第4章 校园
绵山中学,绵城的重点高中之一,是每年能出二三十个清大北华的顶尖高中。
许良杏升入这座高中前还能考到年级的前百名,但入学后便只能排到千名之外了。
现在她所处的六班是平行班,也就是除了体育班外,成绩最差的那档。
即使是这样,她也时常因为拿不到班上的前三名而焦虑不已。
六点半吃罢父亲准备好的鸡蛋稀饭,许良杏便牵着还睡得迷糊的安东出门了。
搭乘家门口的公交车,颠簸上半个小时,便到了校门口。
不过今天许良杏没有像往常一样径直走进学校,而是绕到了侧面的小树林里。
“上午你就在附近转转,中午我会出来带饭给你。”
“嗯嗯。”
安东慵懒地趴在树下,望着背着粉色双肩包的许良杏远去。
……
因为安置安东耽误了些时间,许良杏抵达高二六班时,里面已经充斥着此起彼伏的读书声。
“古之学者必有师,师者,所以传道受业解惑也……”
“纵一苇之所如,凌万顷之茫然……”
讲台上六十多岁的秃头语文老师给了许良杏一个严肃的眼神,示意她动作快点。
许良杏不敢怠慢,冲到座位上,抽出语文书就开始朗诵起诗文来。
早读的时候,总会有人浑水摸鱼与小伙伴说起闲话来。
聊谁和谁又谈恋爱了,某对俊男艳女又分手了之类的传言。
许良杏本来对这些八卦不感兴趣,只是某人谈起的人名让她有些在意。
“阿瑶姐,今天怎么看到你男朋友开车送你过来啊?不会是分手了吧?”一个微胖鸡蛋脸的女生笑嘻嘻地问道。
阿瑶用书挡住老师的视线,然后偏头白了闺蜜一眼。
“呸!别乱说,梁哥只是去打狂犬疫苗去了,明天就有空送我了。”
“被狗咬了?”
“不是,是只狼。”
“狼?”闺蜜语气惊讶,显然她不觉得日常生活中会碰到狼这种野性的动物。
“是狼,一条银白色的北极狼,本来梁哥还打算把它剥了皮,做成围脖送给我呢。”
阿瑶倍感可惜地叹道,还补充说那条狼的毛色多么多么纯正,做出来的围脖会有多么多么漂亮。

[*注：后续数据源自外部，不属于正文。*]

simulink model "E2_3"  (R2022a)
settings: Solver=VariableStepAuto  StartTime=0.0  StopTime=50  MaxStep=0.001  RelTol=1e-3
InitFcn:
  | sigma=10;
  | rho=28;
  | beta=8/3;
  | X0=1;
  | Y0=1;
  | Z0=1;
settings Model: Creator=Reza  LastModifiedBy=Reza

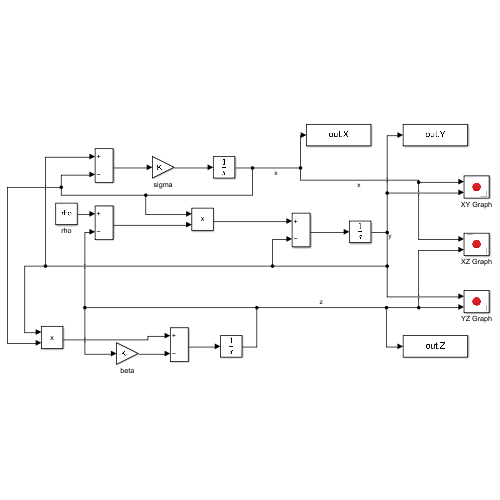
[thumbnail: Simulink's stored preview of the top-level diagram]
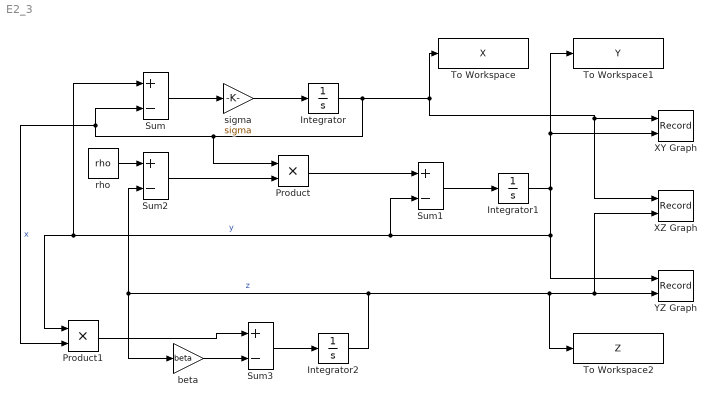
== system E2_3 ==
  Integrator : Integrator  InitialCondition=X0
  Integrator1 : Integrator  InitialCondition=Y0
  Integrator2 : Integrator  InitialCondition=Z0
  Product : Product
  Product1 : Product
  Sum{,1..3} (4 alike) : Sum  Inputs=+-
  To Workspace : ToWorkspace  VariableName=X  SampleTime=-1
  To Workspace1 : ToWorkspace  VariableName=Y  SampleTime=-1
  To Workspace2 : ToWorkspace  VariableName=Z  SampleTime=-1
  XY Graph : Record  FileSettingsInternal="{\"entries\":[{\"content\":{\"excelSettings\":{\"content\":{},\"type\":\"Streamout.ExcelSettings\"}},\"type\":\"Streamout.FileSettingStorage\",\"uuid\":\"d5e8e67d-65f5-439d-baf3-5cfe0ea3069c\"}],\"packageUris\":[\"http://schema.mathworks.com/mf0/streamout_blocks/R2020a\"],\"version\":\"1.0\"}"  Layout=[1 1]  SignalsInternal="{\"entries\":[{\"content\":{\"signals\":[{\"content\":{\"blockPath\":[\"E2_3/XY Graph\"],\"channel\":[],\"dimensions\":[1],\"domain\":\"E2_3/XY Graph\",\"lineColor\":\"#edb120\",\"plots\":[],\"port\":1,\"sid\":[\"\"],\"signalID\":341,\"signalName\":\"x\"},\"type\":\"RecordBlkView.Signal\",\"uuid\":\"27801372-b7ba-455c-83ab-0dae9fb10c2f\"},{\"content\":{\"blockPath\":[\"E2_3/XY Graph\"],\"channel\":[],\"dimensions\":[1],\"domain\":\"E2_3/XY Graph\",\"lineColor\":\"#7e2f8e\",\"plots\":[],\"port\":2,\"sid\":[\"\"],\"signalID\":345,\"signalName\":\"y\"},\"type\":\"RecordBlkView.Signal\",\"uuid\":\"7f056ca5-6b0a-4d6c-b88e-bd8a10d10ed1\"}]},\"type\":\"RecordBlkView.InputSignals\",\"uuid\":\"93b13b71-ce58-4ec2-a4aa-9f660e82d8ca\"}],\"packageUris\":[\"http://schema.mathworks.com/mf0/streamout_blocks/R2020a\"],\"version\":\"1.0\"}"  VisualizationBindings="{\"xyplotplugin\":{\"info\":[{\"series\":[],\"subplotID\":1}]}}"  CompatibilityTag=XY
  XZ Graph : Record  FileSettingsInternal="{\"entries\":[{\"content\":{\"excelSettings\":{\"content\":{},\"type\":\"Streamout.ExcelSettings\"}},\"type\":\"Streamout.FileSettingStorage\",\"uuid\":\"8417785a-8a9f-43dc-9b60-5e8633ed2ac2\"}],\"packageUris\":[\"http://schema.mathworks.com/mf0/streamout_blocks/R2020a\"],\"version\":\"1.0\"}"  Layout=[1 1]  SignalsInternal="{\"entries\":[{\"content\":{\"signals\":[{\"content\":{\"blockPath\":[\"E2_3/XZ Graph\"],\"channel\":[],\"dimensions\":[1],\"domain\":\"E2_3/XZ Graph\",\"lineColor\":\"#77ac30\",\"plots\":[],\"port\":1,\"sid\":[\"\"],\"signalID\":349,\"signalName\":\"x\"},\"type\":\"RecordBlkView.Signal\",\"uuid\":\"21979492-c1fc-4b5b-8984-de8e808e6029\"},{\"content\":{\"blockPath\":[\"E2_3/XZ Graph\"],\"channel\":[],\"dimensions\":[1],\"domain\":\"E2_3/XZ Graph\",\"lineColor\":\"#4dbeee\",\"plots\":[],\"port\":2,\"sid\":[\"\"],\"signalID\":353,\"signalName\":\"z\"},\"type\":\"RecordBlkView.Signal\",\"uuid\":\"4338ce35-d9c4-400a-9c35-3bbdb2ca0530\"}]},\"type\":\"RecordBlkView.InputSignals\",\"uuid\":\"3fd1bed5-9066-4c97-957c-7891df3cf5bf\"}],\"packageUris\":[\"http://schema.mathworks.com/mf0/streamout_blocks/R2020a\"],\"version\":\"1.0\"}"  VisualizationBindings="{\"xyplotplugin\":{\"info\":[{\"series\":[],\"subplotID\":1}]}}"  CompatibilityTag=XY
  YZ Graph : Record  FileSettingsInternal="{\"entries\":[{\"content\":{\"excelSettings\":{\"content\":{},\"type\":\"Streamout.ExcelSettings\"}},\"type\":\"Streamout.FileSettingStorage\",\"uuid\":\"93e8490c-106e-4821-a1e8-deccf6a70005\"}],\"packageUris\":[\"http://schema.mathworks.com/mf0/streamout_blocks/R2020a\"],\"version\":\"1.0\"}"  Layout=[1 1]  SignalsInternal="{\"entries\":[{\"content\":{\"signals\":[{\"content\":{\"blockPath\":[\"E2_3/YZ Graph\"],\"channel\":[],\"dimensions\":[1],\"domain\":\"E2_3/YZ Graph\",\"lineColor\":\"#a2142f\",\"plots\":[],\"port\":1,\"sid\":[\"\"],\"signalID\":357,\"signalName\":\"y\"},\"type\":\"RecordBlkView.Signal\",\"uuid\":\"31b0451c-853f-492d-9b4a-180c6c12fc6f\"},{\"content\":{\"blockPath\":[\"E2_3/YZ Graph\"],\"channel\":[],\"dimensions\":[1],\"domain\":\"E2_3/YZ Graph\",\"lineColor\":\"#139fff\",\"plots\":[],\"port\":2,\"sid\":[\"\"],\"signalID\":361,\"signalName\":\"z\"},\"type\":\"RecordBlkView.Signal\",\"uuid\":\"53dabc59-9f7b-49cb-a35d-4da9fb9d58a9\"}]},\"type\":\"RecordBlkView.InputSignals\",\"uuid\":\"5de9ced1-384f-4995-9ef9-9e16af4a04fe\"}],\"packageUris\":[\"http://schema.mathworks.com/mf0/streamout_blocks/R2020a\"],\"version\":\"1.0\"}"  VisualizationBindings="{\"xyplotplugin\":{\"info\":[{\"series\":[],\"subplotID\":1}]}}"  CompatibilityTag=XY
  beta : Gain  Gain=beta
  rho : Constant  Value=rho
  sigma : Gain  Gain=sigma
  wires:
  sigma/1 -> Integrator/1
  Sum/1 -> sigma/1
  Integrator1/1 -> XY Graph/2, To Workspace1/1, YZ Graph/1, Sum1/2, Product1/1, Sum/1  "y"
  Integrator/1 -> XZ Graph/1, XY Graph/1, To Workspace/1, Product/1, Product1/2, Sum/2  "x"
  rho/1 -> Sum2/1
  Integrator2/1 -> XZ Graph/2, YZ Graph/2, To Workspace2/1, beta/1, Sum2/2  "z"
  Sum2/1 -> Product/2
  Product/1 -> Sum1/1
  Sum1/1 -> Integrator1/1
  Sum3/1 -> Integrator2/1
  beta/1 -> Sum3/2
  Product1/1 -> Sum3/1

“哦哦。”闺蜜似乎听惯了这些炫耀的话,只是敷衍应和着。
“啧,对了,”阿瑶压低了声音说道,“这一切都怪许良杏那个臭婊子。”
“哟?”听到这话,闺蜜瞬间又打起了精神,“说来听听。”
阿瑶瞥了一眼教室后排,确认许良杏还在专心看书,便放心地讲述了昨晚发生的事。
“……总之都怪许良杏,要不是她突然窜出来,狼毛围脖就是我的了……梁哥也不会被咬。”
“说的对,表面装成乖乖女,背地里坏的不得了,这种人我最讨厌了。”闺蜜附和道。
口头讨伐许良杏已经成为了两人日常生活的一部分了,少了这个环节,上学都会少几分动力。
毕竟欺负一个不会说话不会反击的木偶,能有什么负罪感?
许良杏将一切收入耳中,却按住不表,只是机械地朗诵着课文,连读串行了都没有发现。
“停停停,你这背的什么?什么叫‘万里悲秋常作客,潦倒新停浊酒杯’?”
“好像……记错了?”许良杏回转神来,看着面前板着脸的语文老师,一时语塞。
“期中才考过的默写题,你错了一遍还不长教训?”老头严厉地指责道,好似女孩犯了捅破天的大错。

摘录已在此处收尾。